Otto menyatakan berdasarkan fakta-fakta yang ada, SN dan IN seharusnya sudah tidak berstatus DPO. Karena kasus mereka berasal dan dikaitkan dengan kasus Syafruddin Arsyad Temenggung (SAT) yang telah dibebaskan Mahkamah Agung (MA) pada 2019.
“Status SN dan IN sebagai tersangka demi hukum telah gugur sejak SAT dibebaskan MA pada tahun 2019, karena kasus mereka bukanlah kasus yang berdiri sendiri. Mereka diduga turut serta melakukan tindak pidana bersama-sama SAT,” kata Otto dalam keterangannya, Minggu (24/1).
Otto memandang, dengan MA membebaskan SAT berdasarkan pertimbangan bahwa perbuatan bukan merupakan tindak pidana, maka perbuatan yang diduga dilakukan SN dan IN bersama-sama SAT dengan sendirinya juga bukan perbuatan pidana.
“Logika hukumnya kan begitu. Jadi kalau SN dan IN disebut masih berstatus DPO, hal itu adalah bertentangan dengan hukum,” ucap Otto.
Otto menuturkan, KPK sama sekali tidak memiliki dasar hukum untuk menjadikan SN dan IN sebagai tersangka sehingga SN tidak dapat dimasukkan dalam DPO. Bila KPK tetap memasukkan SN dan IN dalam DPO, KPK dalam hal ini tidak mengindahkan dan bahkan tidak menghormati putusan MA.

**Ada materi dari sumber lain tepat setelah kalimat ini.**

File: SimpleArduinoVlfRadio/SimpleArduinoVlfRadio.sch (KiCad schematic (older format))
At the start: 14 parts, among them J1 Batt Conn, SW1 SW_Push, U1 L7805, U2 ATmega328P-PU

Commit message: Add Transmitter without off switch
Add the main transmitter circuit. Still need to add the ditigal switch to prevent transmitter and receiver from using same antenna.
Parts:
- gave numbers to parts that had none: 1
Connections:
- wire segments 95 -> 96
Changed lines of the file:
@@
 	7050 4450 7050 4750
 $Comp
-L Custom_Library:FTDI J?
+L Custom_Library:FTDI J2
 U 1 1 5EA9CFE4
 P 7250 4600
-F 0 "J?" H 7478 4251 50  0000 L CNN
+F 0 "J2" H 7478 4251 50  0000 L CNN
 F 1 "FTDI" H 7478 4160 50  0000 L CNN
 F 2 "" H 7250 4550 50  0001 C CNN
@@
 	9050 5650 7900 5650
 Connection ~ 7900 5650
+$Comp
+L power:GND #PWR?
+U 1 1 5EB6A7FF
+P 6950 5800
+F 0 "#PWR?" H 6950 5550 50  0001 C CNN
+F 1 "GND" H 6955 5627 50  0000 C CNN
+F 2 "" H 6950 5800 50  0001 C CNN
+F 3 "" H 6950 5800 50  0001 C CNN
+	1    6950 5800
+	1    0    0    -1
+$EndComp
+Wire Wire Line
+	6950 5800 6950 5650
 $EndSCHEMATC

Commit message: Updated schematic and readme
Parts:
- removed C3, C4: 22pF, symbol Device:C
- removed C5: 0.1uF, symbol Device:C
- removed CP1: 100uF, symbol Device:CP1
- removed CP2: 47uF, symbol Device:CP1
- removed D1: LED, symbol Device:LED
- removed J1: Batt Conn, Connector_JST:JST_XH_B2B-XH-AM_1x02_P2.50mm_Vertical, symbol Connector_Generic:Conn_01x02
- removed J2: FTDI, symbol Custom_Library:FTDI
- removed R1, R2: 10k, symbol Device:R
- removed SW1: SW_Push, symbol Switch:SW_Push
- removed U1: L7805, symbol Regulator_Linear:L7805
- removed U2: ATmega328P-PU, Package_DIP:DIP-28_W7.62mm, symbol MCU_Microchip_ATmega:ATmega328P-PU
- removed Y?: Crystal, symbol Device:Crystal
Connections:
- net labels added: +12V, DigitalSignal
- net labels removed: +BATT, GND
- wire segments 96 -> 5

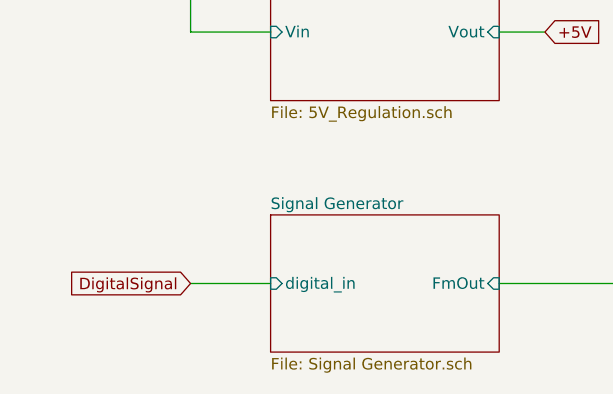
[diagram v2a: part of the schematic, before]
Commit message: Updated functional diagram for 555 enable
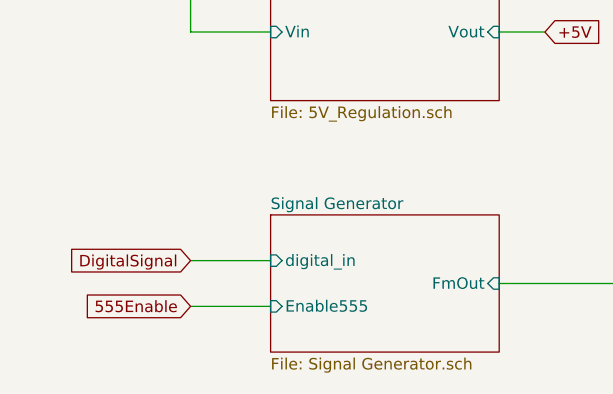
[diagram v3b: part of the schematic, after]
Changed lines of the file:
@@
 $EndDescr
 Wire Wire Line
-	1100 3100 1450 3100
-Text GLabel 1100 3100 0    50   Input ~ 0
+	1100 3000 1450 3000
+Text GLabel 1100 3000 0    50   Input ~ 0
 DigitalSignal
 Wire Wire Line
@@
 F0 "Signal Generator" 50
 F1 "Signal Generator.sch" 50
-F2 "digital_in" I L 1450 3100 50
+F2 "digital_in" I L 1450 3000 50
 F3 "FmOut" I R 2450 3100 50
+F4 "Enable555" I L 1450 3200 50
 $EndSheet
 Text GLabel 2650 2000 2    50   Input ~ 0
@@
 Wire Wire Line
 	2450 3100 3050 3100
+Text GLabel 1100 3200 0    50   Input ~ 0
+555Enable
+Wire Wire Line
+	1100 3200 1450 3200
 $EndSCHEMATC

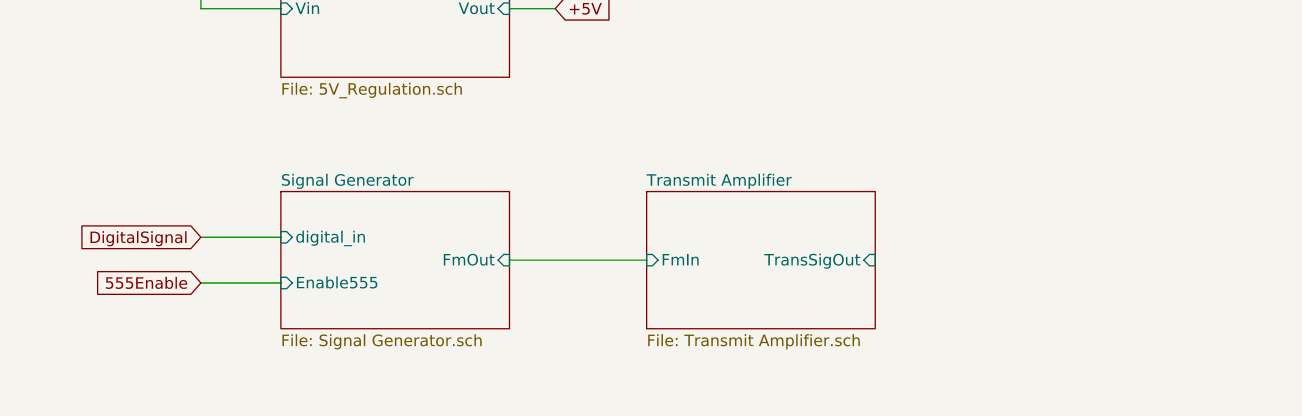
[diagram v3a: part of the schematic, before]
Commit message: Update to working but inefficient design
Design is working well. Need big caps on power for filter and bigger cap for amp. Also need to make sure gain of 10x or more on lm1875. Current draw of 250mA on transmit. Power of 17mA with amplifier disconnected.
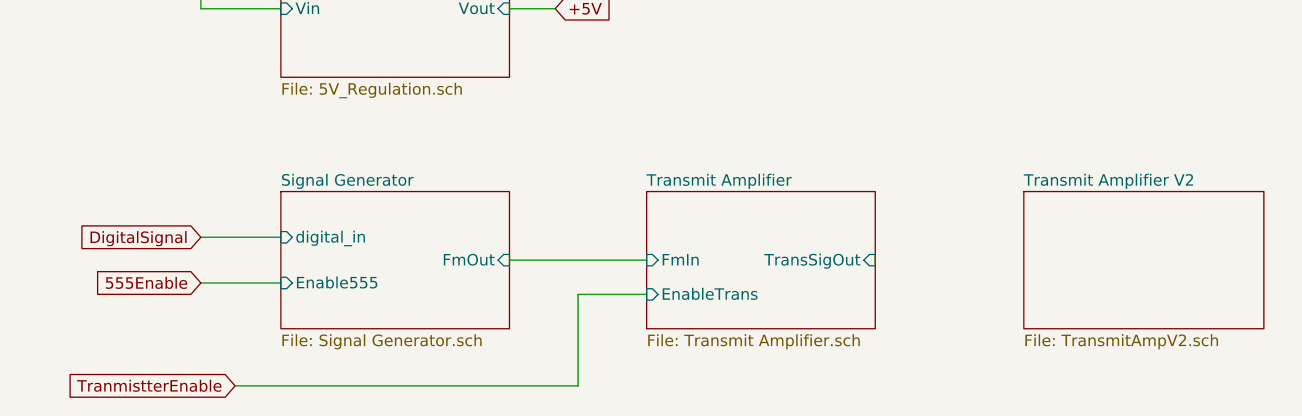
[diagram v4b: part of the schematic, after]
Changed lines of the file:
@@
 $Descr A4 11693 8268
 encoding utf-8
-Sheet 1 4
+Sheet 1 5
 Title "VLF Transmitter"
 Date ""
@@
 F2 "FmIn" I L 3050 3100 50
 F3 "TransSigOut" I R 4050 3100 50
+F4 "EnableTrans" I L 3050 3250 50
 $EndSheet
 Wire Wire Line
@@
 Wire Wire Line
 	1100 3200 1450 3200
+Text GLabel 1250 3650 0    50   Input ~ 0
+TranmistterEnable
+Wire Wire Line
+	1250 3650 2750 3650
+Wire Wire Line
+	2750 3650 2750 3250
+Wire Wire Line
+	2750 3250 3050 3250
+$Sheet
+S 4700 2800 1050 600
+U 61DDCE18
+F0 "Transmit Amplifier V2" 50
+F1 "TransmitAmpV2.sch" 50
+$EndSheet
 $EndSCHEMATC

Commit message: Updates to overall layout.
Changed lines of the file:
@@
 $Descr A4 11693 8268
 encoding utf-8
-Sheet 1 5
+Sheet 1 10
 Title "VLF Transmitter"
 Date ""
@@
 $EndDescr
 Wire Wire Line
-	1100 3000 1450 3000
-Text GLabel 1100 3000 0    50   Input ~ 0
+	1650 3050 2000 3050
+Text GLabel 1650 3050 0    50   Input ~ 0
 DigitalSignal
 Wire Wire Line
-	2650 2000 2450 2000
+	3200 2050 3000 2050
 Wire Wire Line
-	1100 2000 1450 2000
+	1650 2050 2000 2050
 Wire Wire Line
-	1100 1850 1100 2000
+	1650 1900 1650 2050
 $Sheet
-S 1450 2800 1000 600
+S 2000 2850 1000 600
 U 616EB94F
 F0 "Signal Generator" 50
 F1 "Signal Generator.sch" 50
-F2 "digital_in" I L 1450 3000 50
-F3 "FmOut" I R 2450 3100 50
-F4 "Enable555" I L 1450 3200 50
+F2 "digital_in" I L 2000 3050 50
+F3 "FmOut" I R 3000 3150 50
+F4 "Enable555" I L 2000 3250 50
 $EndSheet
-Text GLabel 2650 2000 2    50   Input ~ 0
+Text GLabel 3200 2050 2    50   Input ~ 0
 +5V
 $Comp
 L power:+12V #PWR?
 U 1 1 617092F1
-P 1100 1850
-F 0 "#PWR?" H 1100 1700 50  0001 C CNN
-F 1 "+12V" H 1115 2023 50  0000 C CNN
-F 2 "" H 1100 1850 50  0001 C CNN
-F 3 "" H 1100 1850 50  0001 C CNN
-	1    1100 1850
+P 1650 1900
+F 0 "#PWR?" H 1650 1750 50  0001 C CNN
+F 1 "+12V" H 1665 2073 50  0000 C CNN
+F 2 "" H 1650 1900 50  0001 C CNN
+F 3 "" H 1650 1900 50  0001 C CNN
+	1    1650 1900
 	1    0    0    -1
 $EndComp
 $Sheet
-S 1450 1700 1000 600
+S 2000 1750 1000 600
 U 616E26A8
 F0 "5V_Regulation" 50
 F1 "5V_Regulation.sch" 50
-F2 "Vout" I R 2450 2000 50
-F3 "Vin" I L 1450 2000 50
-$EndSheet
-$Sheet
-S 3050 2800 1000 600
-U 617F980A
-F0 "Transmit Amplifier" 50
-F1 "Transmit Amplifier.sch" 50
-F2 "FmIn" I L 3050 3100 50
-F3 "TransSigOut" I R 4050 3100 50
-F4 "EnableTrans" I L 3050 3250 50
+F2 "Vout" I R 3000 2050 50
+F3 "Vin" I L 2000 2050 50
 $EndSheet
 Wire Wire Line
-	2450 3100 3050 3100
-Text GLabel 1100 3200 0    50   Input ~ 0
+	3000 3150 3600 3150
+Text GLabel 1650 3250 0    50   Input ~ 0
 555Enable
 Wire Wire Line
-	1100 3200 1450 3200
-Text GLabel 1250 3650 0    50   Input ~ 0
+	1650 3250 2000 3250
+Text GLabel 1800 3700 0    50   Input ~ 0
 TranmistterEnable
 Wire Wire Line
-	1250 3650 2750 3650
+	1800 3700 3300 3700
 Wire Wire Line
-	2750 3650 2750 3250
+	3300 3700 3300 3300
 Wire Wire Line
-	2750 3250 3050 3250
+	3300 3300 3600 3300
 $Sheet
-S 4700 2800 1050 600
+S 3600 2850 1050 600
 U 61DDCE18
 F0 "Transmit Amplifier V2" 50
 F1 "TransmitAmpV2.sch" 50
+F2 "FmIn" I L 3600 3150 50
+F3 "TransSigOut" I R 4650 3150 50
+F4 "EnableTrans" I L 3600 3300 50
+$EndSheet
+$Sheet
+S 2000 4100 1050 550
+U 61E50876
+F0 "FSK Decoder" 50
+F1 "fsk_decoder.sch" 50
+$EndSheet
+$Sheet
+S 2000 5000 1050 550
+U 61E508EC
+F0 "Headphone Amp" 50
+F1 "headphone_amp.sch" 50
+$EndSheet
+$Sheet
+S 7800 4100 1050 550
+U 61E503C9
+F0 "Input Stage" 50
+F1 "input_stage.sch" 50
+$EndSheet
+$Sheet
+S 6450 4100 1000 550
+U 61E5142A
+F0 "Interstage Filter" 50
+F1 "interstage_filter.sch" 50
+$EndSheet
+$Sheet
+S 5000 4100 1100 550
+U 61E514ED
+F0 "First Audio Amp" 50
+F1 "first_audio_amp.sch" 50
+$EndSheet
+$Sheet
+S 3600 4100 1050 550
+U 61E504B6
+F0 "Second Amp and Filter" 50
+F1 "second_amp_filter.sch" 50
+$EndSheet
+$Sheet
+S 9350 3300 1150 600
+U 61E52474
+F0 "Antenna" 50
+F1 "Antenna.sch" 50
 $EndSheet
 $EndSCHEMATC

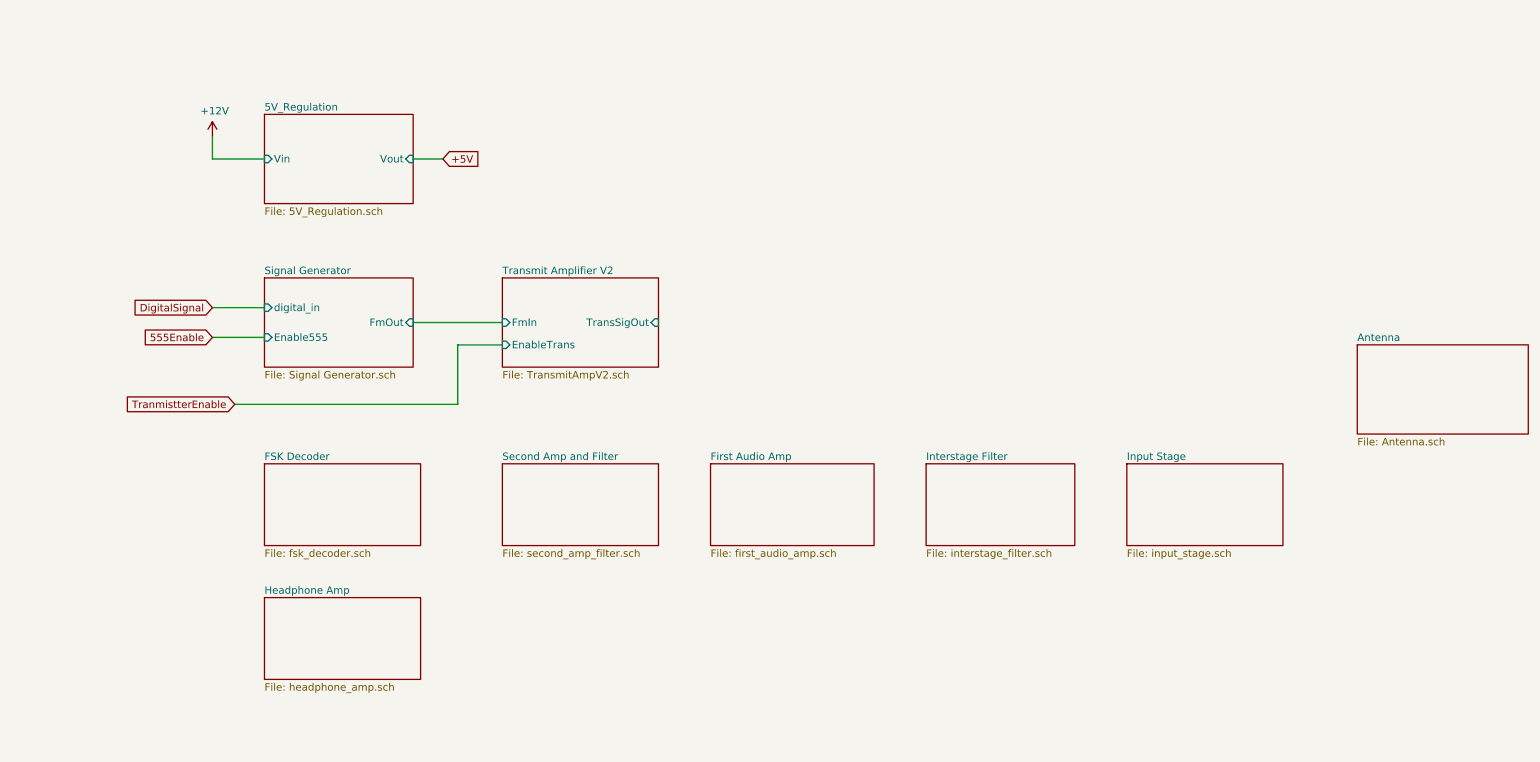
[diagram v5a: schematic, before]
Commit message: Updated Transmitter and finished fsk receiver
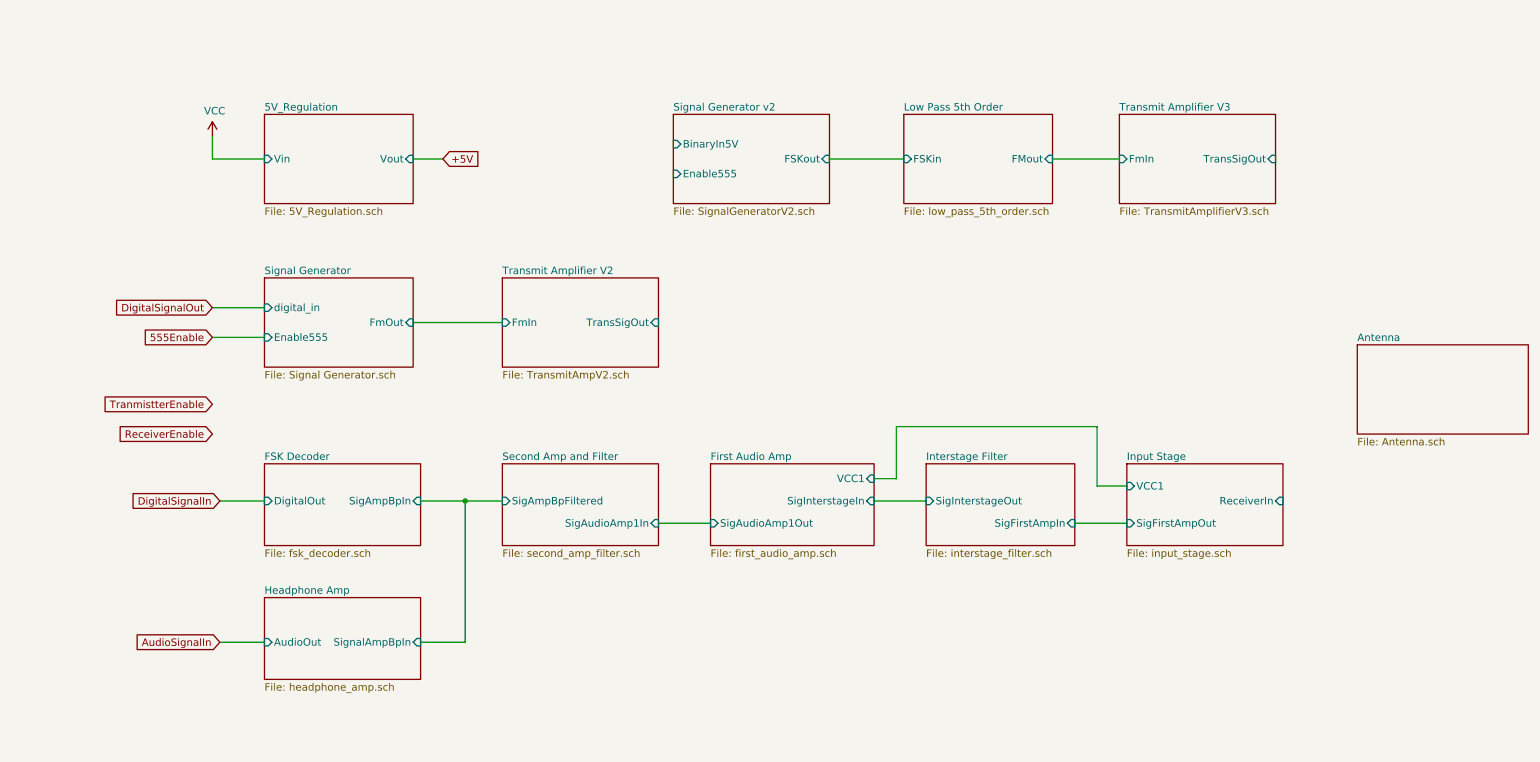
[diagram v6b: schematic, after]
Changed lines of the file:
@@
 $Descr A4 11693 8268
 encoding utf-8
-Sheet 1 10
+Sheet 1 14
 Title "VLF Transmitter"
 Date ""
@@
 	1650 3050 2000 3050
 Text GLabel 1650 3050 0    50   Input ~ 0
-DigitalSignal
+DigitalSignalOut
 Wire Wire Line
 	3200 2050 3000 2050
@@
 Text GLabel 3200 2050 2    50   Input ~ 0
 +5V
-$Comp
-L power:+12V #PWR?
-U 1 1 617092F1
-P 1650 1900
-F 0 "#PWR?" H 1650 1750 50  0001 C CNN
-F 1 "+12V" H 1665 2073 50  0000 C CNN
-F 2 "" H 1650 1900 50  0001 C CNN
-F 3 "" H 1650 1900 50  0001 C CNN
-	1    1650 1900
-	1    0    0    -1
-$EndComp
 $Sheet
 S 2000 1750 1000 600
@@
 Wire Wire Line
 	1650 3250 2000 3250
-Text GLabel 1800 3700 0    50   Input ~ 0
+Text GLabel 1650 3700 0    50   Input ~ 0
 TranmistterEnable
-Wire Wire Line
-	1800 3700 3300 3700
-Wire Wire Line
-	3300 3700 3300 3300
-Wire Wire Line
-	3300 3300 3600 3300
 $Sheet
 S 3600 2850 1050 600
@@
 F2 "FmIn" I L 3600 3150 50
 F3 "TransSigOut" I R 4650 3150 50
-F4 "EnableTrans" I L 3600 3300 50
 $EndSheet
 $Sheet
@@
 F0 "FSK Decoder" 50
 F1 "fsk_decoder.sch" 50
+F2 "SigAmpBpIn" I R 3050 4350 50
+F3 "DigitalOut" I L 2000 4350 50
 $EndSheet
 $Sheet
@@
 F0 "Headphone Amp" 50
 F1 "headphone_amp.sch" 50
+F2 "SignalAmpBpIn" I R 3050 5300 50
+F3 "AudioOut" I L 2000 5300 50
 $EndSheet
 $Sheet
@@
 F0 "Input Stage" 50
 F1 "input_stage.sch" 50
-$EndSheet
-$Sheet
-S 6450 4100 1000 550
-U 61E5142A
-F0 "Interstage Filter" 50
-F1 "interstage_filter.sch" 50
+F2 "ReceiverIn" I R 8850 4350 50
+F3 "SigFirstAmpOut" I L 7800 4500 50
+F4 "VCC1" I L 7800 4250 50
 $EndSheet
 $Sheet
@@
 F0 "First Audio Amp" 50
 F1 "first_audio_amp.sch" 50
+F2 "VCC1" I R 6100 4200 50
+F3 "SigInterstageIn" I R 6100 4350 50
+F4 "SigAudioAmp1Out" I L 5000 4500 50
 $EndSheet
 $Sheet
@@
 F0 "Second Amp and Filter" 50
 F1 "second_amp_filter.sch" 50
+F2 "SigAudioAmp1In" I R 4650 4500 50
+F3 "SigAmpBpFiltered" I L 3600 4350 50
 $EndSheet
 $Sheet
@@
 F1 "Antenna.sch" 50
 $EndSheet
+$Sheet
+S 6450 4100 1000 550
+U 61E5142A
+F0 "Interstage Filter" 50
+F1 "interstage_filter.sch" 50
+F2 "SigFirstAmpIn" I R 7450 4500 50
+F3 "SigInterstageOut" I L 6450 4350 50
+$EndSheet
+Wire Wire Line
+	7800 4250 7600 4250
+Wire Wire Line
+	7600 4250 7600 3850
+Wire Wire Line
+	7600 3850 6250 3850
+Wire Wire Line
+	6250 3850 6250 4200
+Wire Wire Line
+	6250 4200 6100 4200
+Wire Wire Line
+	7450 4500 7800 4500
+Wire Wire Line
+	6450 4350 6100 4350
+Text GLabel 1700 4350 0    50   Input ~ 0
+DigitalSignalIn
+Wire Wire Line
+	2000 4350 1700 4350
+Text GLabel 1650 3900 0    50   Input ~ 0
+ReceiverEnable
+Text GLabel 1700 5300 0    50   Input ~ 0
+AudioSignalIn
+Wire Wire Line
+	2000 5300 1700 5300
+Wire Wire Line
+	3600 4350 3350 4350
+Wire Wire Line
+	3350 4350 3350 5300
+Wire Wire Line
+	3350 5300 3050 5300
+Connection ~ 3350 4350
+Wire Wire Line
+	3350 4350 3050 4350
+$Sheet
+S 4750 1750 1050 600
+U 62C385F2
+F0 "Signal Generator v2" 50
+F1 "SignalGeneratorV2.sch" 50
+F2 "FSKout" I R 5800 2050 50
+F3 "BinaryIn5V" I L 4750 1950 50
+F4 "Enable555" I L 4750 2150 50
+$EndSheet
+$Sheet
+S 6300 1750 1000 600
+U 62C578A0
+F0 "Low Pass 5th Order" 50
+F1 "low_pass_5th_order.sch" 50
+F2 "FSKin" I L 6300 2050 50
+F3 "FMout" I R 7300 2050 50
+$EndSheet
+$Sheet
+S 7750 1750 1050 600
+U 62C5F7EE
+F0 "Transmit Amplifier V3" 50
+F1 "TransmitAmplifierV3.sch" 50
+F2 "FmIn" I L 7750 2050 50
+F3 "TransSigOut" I R 8800 2050 50
+$EndSheet
+Wire Wire Line
+	5000 4500 4650 4500
+Wire Wire Line
+	5800 2050 6300 2050
+Wire Wire Line
+	7300 2050 7750 2050
+$Comp
+L power:VCC #PWR?
+U 1 1 62C7D911
+P 1650 1900
+F 0 "#PWR?" H 1650 1750 50  0001 C CNN
+F 1 "VCC" H 1665 2073 50  0000 C CNN
+F 2 "" H 1650 1900 50  0001 C CNN
+F 3 "" H 1650 1900 50  0001 C CNN
+	1    1650 1900
+	1    0    0    -1
+$EndComp
 $EndSCHEMATC

Otto mengungkapkan, bahwa putusan MA yang membebaskan SAT juga mempertimbangkan Laporan Hasil Pemeriksaan Investigatif Badan Pemeriksa Keuangan tahun 2017 (LHP BPK 2017) yang bertentangan dengan hasil audit BPK tahun 2002 dan 2006.
“LHP BPK 2017 menilai adanya kerugian negara, namun menurut MA, LHP BPK 2017 tersebut tidak sesuai dengan standar pemeriksaan audit yang diatur dalam Peraturan BPK No. 1 tahun 2017, karena tidak diuji dengan Laporan Hasil Pemeriksaan BPK tahun 2002 dan 2006. Hasil audit BPK tahun 2002 dan 2006 tidak menyatakan adanya kerugian negara, bahkan laporan audit BPK tahun 2006 menyatakan SKL layak diberikan kepada SN karena sudah memenuhi kewajibannya” pungkas Otto.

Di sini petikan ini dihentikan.